论被害人国家补偿制度的价值及本土化/李鹏(3)
根据以上有关正义的理论,可以认为刑事被害人与普通公民一样是平等的,分配正义得到了体现。当刑事被害人受到犯罪侵害时,其原有的平等地位遭到了破坏, 矫正正义就开始发挥其价值和功能,即破坏分配正义的社会成员应当为其破坏行为付出代价,并使被破坏的非正义恢复到的正义之状态,矫正正义的核心是适当地追究责任。在刑事案件中,被害人受到犯罪侵害后应当由犯罪人为其破坏性行为付出代价,即令其承担相应的刑事责任及给予被害人经济赔偿,以便恢复被害人失衡的心理状态及弥补其经济上的损失。

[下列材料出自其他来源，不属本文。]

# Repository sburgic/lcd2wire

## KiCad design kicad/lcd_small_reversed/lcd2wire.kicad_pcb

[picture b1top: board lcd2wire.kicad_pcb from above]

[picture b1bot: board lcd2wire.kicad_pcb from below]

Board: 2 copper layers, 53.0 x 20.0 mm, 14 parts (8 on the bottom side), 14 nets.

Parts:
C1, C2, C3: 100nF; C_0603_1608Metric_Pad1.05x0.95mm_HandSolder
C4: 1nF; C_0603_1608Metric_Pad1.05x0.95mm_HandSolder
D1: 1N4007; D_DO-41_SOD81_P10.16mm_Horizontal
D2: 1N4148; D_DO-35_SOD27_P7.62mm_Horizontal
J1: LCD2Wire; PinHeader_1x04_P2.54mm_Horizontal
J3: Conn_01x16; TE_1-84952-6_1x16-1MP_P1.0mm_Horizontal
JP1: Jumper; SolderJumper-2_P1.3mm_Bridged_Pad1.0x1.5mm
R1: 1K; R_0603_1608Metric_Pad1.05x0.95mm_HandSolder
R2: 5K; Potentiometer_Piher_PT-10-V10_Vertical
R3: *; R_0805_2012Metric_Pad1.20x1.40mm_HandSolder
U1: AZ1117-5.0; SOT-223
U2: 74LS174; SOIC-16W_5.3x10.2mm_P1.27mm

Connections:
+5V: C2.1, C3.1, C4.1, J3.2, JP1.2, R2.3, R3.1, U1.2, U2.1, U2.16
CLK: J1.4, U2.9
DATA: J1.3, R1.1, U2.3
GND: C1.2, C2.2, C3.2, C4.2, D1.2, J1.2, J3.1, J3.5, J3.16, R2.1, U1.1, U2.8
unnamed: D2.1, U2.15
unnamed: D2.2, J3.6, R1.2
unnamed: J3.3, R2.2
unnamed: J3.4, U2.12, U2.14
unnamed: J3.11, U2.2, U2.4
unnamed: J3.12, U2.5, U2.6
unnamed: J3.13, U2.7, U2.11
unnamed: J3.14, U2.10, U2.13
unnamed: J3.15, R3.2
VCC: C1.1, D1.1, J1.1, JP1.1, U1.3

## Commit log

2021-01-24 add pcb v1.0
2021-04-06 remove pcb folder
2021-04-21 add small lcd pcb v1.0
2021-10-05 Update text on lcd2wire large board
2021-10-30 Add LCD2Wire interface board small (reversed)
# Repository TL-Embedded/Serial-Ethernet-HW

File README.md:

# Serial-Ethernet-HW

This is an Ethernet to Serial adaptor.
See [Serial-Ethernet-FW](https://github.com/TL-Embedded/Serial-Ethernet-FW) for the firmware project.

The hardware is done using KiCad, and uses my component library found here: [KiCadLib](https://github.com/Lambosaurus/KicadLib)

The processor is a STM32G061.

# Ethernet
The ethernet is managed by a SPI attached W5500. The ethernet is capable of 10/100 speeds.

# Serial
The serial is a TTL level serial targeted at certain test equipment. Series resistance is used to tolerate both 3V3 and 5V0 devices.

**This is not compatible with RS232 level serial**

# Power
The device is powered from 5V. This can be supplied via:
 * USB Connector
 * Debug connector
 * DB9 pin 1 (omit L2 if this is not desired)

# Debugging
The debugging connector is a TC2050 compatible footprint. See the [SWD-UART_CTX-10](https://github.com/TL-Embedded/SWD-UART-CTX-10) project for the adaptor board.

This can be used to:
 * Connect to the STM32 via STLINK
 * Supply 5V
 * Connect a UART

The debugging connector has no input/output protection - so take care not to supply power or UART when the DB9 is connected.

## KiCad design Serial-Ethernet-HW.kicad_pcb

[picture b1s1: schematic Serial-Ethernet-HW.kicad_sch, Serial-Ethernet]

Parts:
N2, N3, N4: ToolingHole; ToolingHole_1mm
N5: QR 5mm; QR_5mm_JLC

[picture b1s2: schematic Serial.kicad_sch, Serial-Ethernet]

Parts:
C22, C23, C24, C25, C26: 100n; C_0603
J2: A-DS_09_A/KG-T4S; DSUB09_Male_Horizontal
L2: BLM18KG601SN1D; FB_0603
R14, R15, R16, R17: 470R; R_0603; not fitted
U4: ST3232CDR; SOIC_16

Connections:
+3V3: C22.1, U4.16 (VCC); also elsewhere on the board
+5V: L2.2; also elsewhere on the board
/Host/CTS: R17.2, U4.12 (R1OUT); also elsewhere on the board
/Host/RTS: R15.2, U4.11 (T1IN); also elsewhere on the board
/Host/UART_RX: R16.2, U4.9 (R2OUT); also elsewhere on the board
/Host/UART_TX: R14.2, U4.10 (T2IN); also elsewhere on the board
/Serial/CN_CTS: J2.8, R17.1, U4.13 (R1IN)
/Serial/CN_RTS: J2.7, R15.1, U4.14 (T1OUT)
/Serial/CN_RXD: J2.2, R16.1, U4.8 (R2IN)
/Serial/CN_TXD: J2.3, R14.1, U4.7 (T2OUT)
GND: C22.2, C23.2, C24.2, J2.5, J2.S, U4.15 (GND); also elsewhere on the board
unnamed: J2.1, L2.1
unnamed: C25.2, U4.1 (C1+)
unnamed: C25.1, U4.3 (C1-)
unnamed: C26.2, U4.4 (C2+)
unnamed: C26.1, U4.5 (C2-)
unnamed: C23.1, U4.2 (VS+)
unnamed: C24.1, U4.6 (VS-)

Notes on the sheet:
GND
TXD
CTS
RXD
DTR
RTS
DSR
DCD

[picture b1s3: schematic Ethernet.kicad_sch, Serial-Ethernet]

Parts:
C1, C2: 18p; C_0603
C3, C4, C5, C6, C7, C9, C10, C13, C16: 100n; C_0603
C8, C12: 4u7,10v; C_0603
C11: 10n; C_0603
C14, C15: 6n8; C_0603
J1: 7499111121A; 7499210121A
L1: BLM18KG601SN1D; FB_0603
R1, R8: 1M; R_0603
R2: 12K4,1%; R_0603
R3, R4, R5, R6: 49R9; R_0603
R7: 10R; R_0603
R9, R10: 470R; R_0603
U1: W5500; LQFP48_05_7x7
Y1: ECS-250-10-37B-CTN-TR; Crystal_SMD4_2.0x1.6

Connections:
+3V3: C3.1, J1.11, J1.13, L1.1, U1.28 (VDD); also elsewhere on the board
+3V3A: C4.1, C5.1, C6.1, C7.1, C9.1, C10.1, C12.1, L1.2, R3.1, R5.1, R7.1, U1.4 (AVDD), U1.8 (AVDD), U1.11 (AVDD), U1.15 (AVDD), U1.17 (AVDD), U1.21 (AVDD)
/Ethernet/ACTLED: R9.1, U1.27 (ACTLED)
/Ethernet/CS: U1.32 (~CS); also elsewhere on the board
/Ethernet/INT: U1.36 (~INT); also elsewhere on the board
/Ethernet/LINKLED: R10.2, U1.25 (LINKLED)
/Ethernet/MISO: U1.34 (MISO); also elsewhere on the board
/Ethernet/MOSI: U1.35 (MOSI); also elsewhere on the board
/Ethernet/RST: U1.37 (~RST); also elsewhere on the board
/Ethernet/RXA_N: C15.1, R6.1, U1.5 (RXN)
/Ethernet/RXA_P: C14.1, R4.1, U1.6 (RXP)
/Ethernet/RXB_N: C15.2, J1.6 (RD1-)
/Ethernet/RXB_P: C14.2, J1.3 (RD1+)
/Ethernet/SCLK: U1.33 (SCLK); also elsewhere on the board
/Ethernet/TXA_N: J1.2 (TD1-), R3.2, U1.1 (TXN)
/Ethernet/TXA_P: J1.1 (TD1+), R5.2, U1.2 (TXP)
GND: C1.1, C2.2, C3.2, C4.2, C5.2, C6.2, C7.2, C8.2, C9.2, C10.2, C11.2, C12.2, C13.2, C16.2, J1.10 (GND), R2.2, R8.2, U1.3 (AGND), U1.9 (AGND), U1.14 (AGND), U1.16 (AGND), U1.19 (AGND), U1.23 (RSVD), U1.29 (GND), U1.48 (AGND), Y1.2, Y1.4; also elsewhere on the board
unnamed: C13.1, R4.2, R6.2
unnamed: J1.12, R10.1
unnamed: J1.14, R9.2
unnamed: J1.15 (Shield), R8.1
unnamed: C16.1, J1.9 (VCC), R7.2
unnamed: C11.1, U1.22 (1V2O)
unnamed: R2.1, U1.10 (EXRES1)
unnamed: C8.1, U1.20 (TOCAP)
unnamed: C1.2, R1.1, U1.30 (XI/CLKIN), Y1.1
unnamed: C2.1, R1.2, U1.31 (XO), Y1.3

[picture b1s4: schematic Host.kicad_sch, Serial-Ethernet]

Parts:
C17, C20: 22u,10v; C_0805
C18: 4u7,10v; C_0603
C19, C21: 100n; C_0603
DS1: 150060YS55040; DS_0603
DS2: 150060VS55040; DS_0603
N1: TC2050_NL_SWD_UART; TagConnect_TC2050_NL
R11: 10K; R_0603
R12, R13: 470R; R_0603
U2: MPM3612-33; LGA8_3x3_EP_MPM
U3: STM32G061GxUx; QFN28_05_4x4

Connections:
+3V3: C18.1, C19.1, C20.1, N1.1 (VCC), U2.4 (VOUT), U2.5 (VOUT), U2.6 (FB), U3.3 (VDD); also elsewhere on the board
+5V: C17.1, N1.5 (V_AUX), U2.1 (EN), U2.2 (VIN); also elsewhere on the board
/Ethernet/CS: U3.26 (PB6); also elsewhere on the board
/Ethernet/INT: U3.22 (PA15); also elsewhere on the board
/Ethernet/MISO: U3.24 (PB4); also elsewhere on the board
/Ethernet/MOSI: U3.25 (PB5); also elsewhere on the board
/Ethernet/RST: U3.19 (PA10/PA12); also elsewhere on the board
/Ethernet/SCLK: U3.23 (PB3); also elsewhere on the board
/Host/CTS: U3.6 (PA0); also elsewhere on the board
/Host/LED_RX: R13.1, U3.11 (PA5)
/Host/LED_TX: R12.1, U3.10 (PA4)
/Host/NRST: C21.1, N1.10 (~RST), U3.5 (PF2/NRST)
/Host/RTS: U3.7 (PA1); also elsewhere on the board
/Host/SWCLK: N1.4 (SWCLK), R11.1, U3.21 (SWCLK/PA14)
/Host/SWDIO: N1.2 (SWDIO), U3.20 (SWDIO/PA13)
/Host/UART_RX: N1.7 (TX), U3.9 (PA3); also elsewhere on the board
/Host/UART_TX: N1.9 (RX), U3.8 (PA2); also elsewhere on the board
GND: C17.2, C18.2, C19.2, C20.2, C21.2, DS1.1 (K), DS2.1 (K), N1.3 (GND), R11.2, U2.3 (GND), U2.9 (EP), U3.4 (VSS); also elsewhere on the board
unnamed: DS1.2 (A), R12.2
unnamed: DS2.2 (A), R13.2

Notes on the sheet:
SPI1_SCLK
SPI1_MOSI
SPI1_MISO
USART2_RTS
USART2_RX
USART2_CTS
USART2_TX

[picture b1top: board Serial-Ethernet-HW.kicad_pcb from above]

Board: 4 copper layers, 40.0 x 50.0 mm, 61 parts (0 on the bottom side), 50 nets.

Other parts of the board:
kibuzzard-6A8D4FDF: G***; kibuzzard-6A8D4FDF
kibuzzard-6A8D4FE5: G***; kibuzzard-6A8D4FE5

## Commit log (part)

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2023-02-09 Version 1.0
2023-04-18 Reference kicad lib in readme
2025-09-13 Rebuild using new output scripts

德国犯罪学家汉斯·亨梯在其《论犯罪者与被害者的相互作用》一文中还提出犯罪者与被害者是互动的观点,此后的犯罪被害人学研究结论已经证实,被害人与犯罪人之间可以发生角色转换,并可以发生逆变。在自由民主社会中,政府应当确保任何人都获得不会低于某一最低收入来确使所有的人都得到保护并免遭残酷地剥夺。当被害人遭受到犯罪侵害后,如果无法从罪犯处得到适当的赔偿并陷入贫困境地时,其经济地位已处于一种不平等的状态中,“没有什么不平等的现象会像经济上的不平等现象一样导致如此大的怨恨,其它不平等的现象之所以不像经济上的不平等现象那样引发极大的怨恨只是因为它们被认为不是人为的结果。”[4]被害人经济状况的不平等状况,会导致其对犯罪人及其亲属和社会产生敌对和不满情绪, 可能会实施犯罪行为,导致逆变的发生即从被害者向犯罪者方向的转化,并且会招致刑事被害人及市民对包括刑事司法在内的法秩序的不信任感,进而削弱刑法的规制机能。[5 ]因此,国家应当给予被害人适当的补偿,以矫正被破坏的正义,抚平被害人失衡的心理,疏通其不满,减少犯罪的数量,防止逆变的发生,加速社会的净化和正义的实现。
2、国家的契约责任和公民的信赖利益
卢梭在《社会契约论》一书中认为,每个人的力量和自由是他生存的主要手段,但为了使社会由一种自然状态过渡到另一种文明状态,人们就必须“寻找到一种结合形式以全部共同的力量来护卫和保障每个结合者的人身和财富”,这种结合的形式即为国家。“尽管这些条款也许从来不曾为人所默认成公认的。这一公约一旦遭到破坏,每个人就立刻恢复了他原来的权利并在丧失约定的自由时,就又重新获得了他为约定的自由而放弃了自己的天然自由。”[6]公民个人依契约将自己的权利交给国家来行使,并形成对国家保护自身合法权益的预期,国家应保证这种预期不受破坏,政府对每个公民的命运有一视同仁的抽象责任。[7]国家必须切实保护人民的信赖利益和保证公民权利不受侵犯,如未尽到职责,则国家要承担由此产生的后果。即公民如果遭侵权得不到补偿时,国家基于契约义务应予以补偿。在刑事诉讼中,被害人由于犯罪人实施犯罪行为而蒙受损失处于劣势,公民的信赖利益也受损,国家应当按照契约责任承担相应的补偿责任,保护公民之信赖利益。同时国家作为垄断了暴力镇压和惩罚犯罪武器的公共权力机构,承担保护公民人身、财产安全和抚慰人民疾苦的神圣职责。国家又不允许私刑之存在,不允许公民进行私力救济,其没有尽到防范并打击犯罪的义务,无辜公民因而遭到犯罪侵害蒙受损失,又不能通过公力救济的渠道从罪犯处获得适当赔偿时,国家自然应当对其损失给予赔偿。否则,国家与公民间的权利义务便处于失衡状态,国家也违背了自己的契约义务。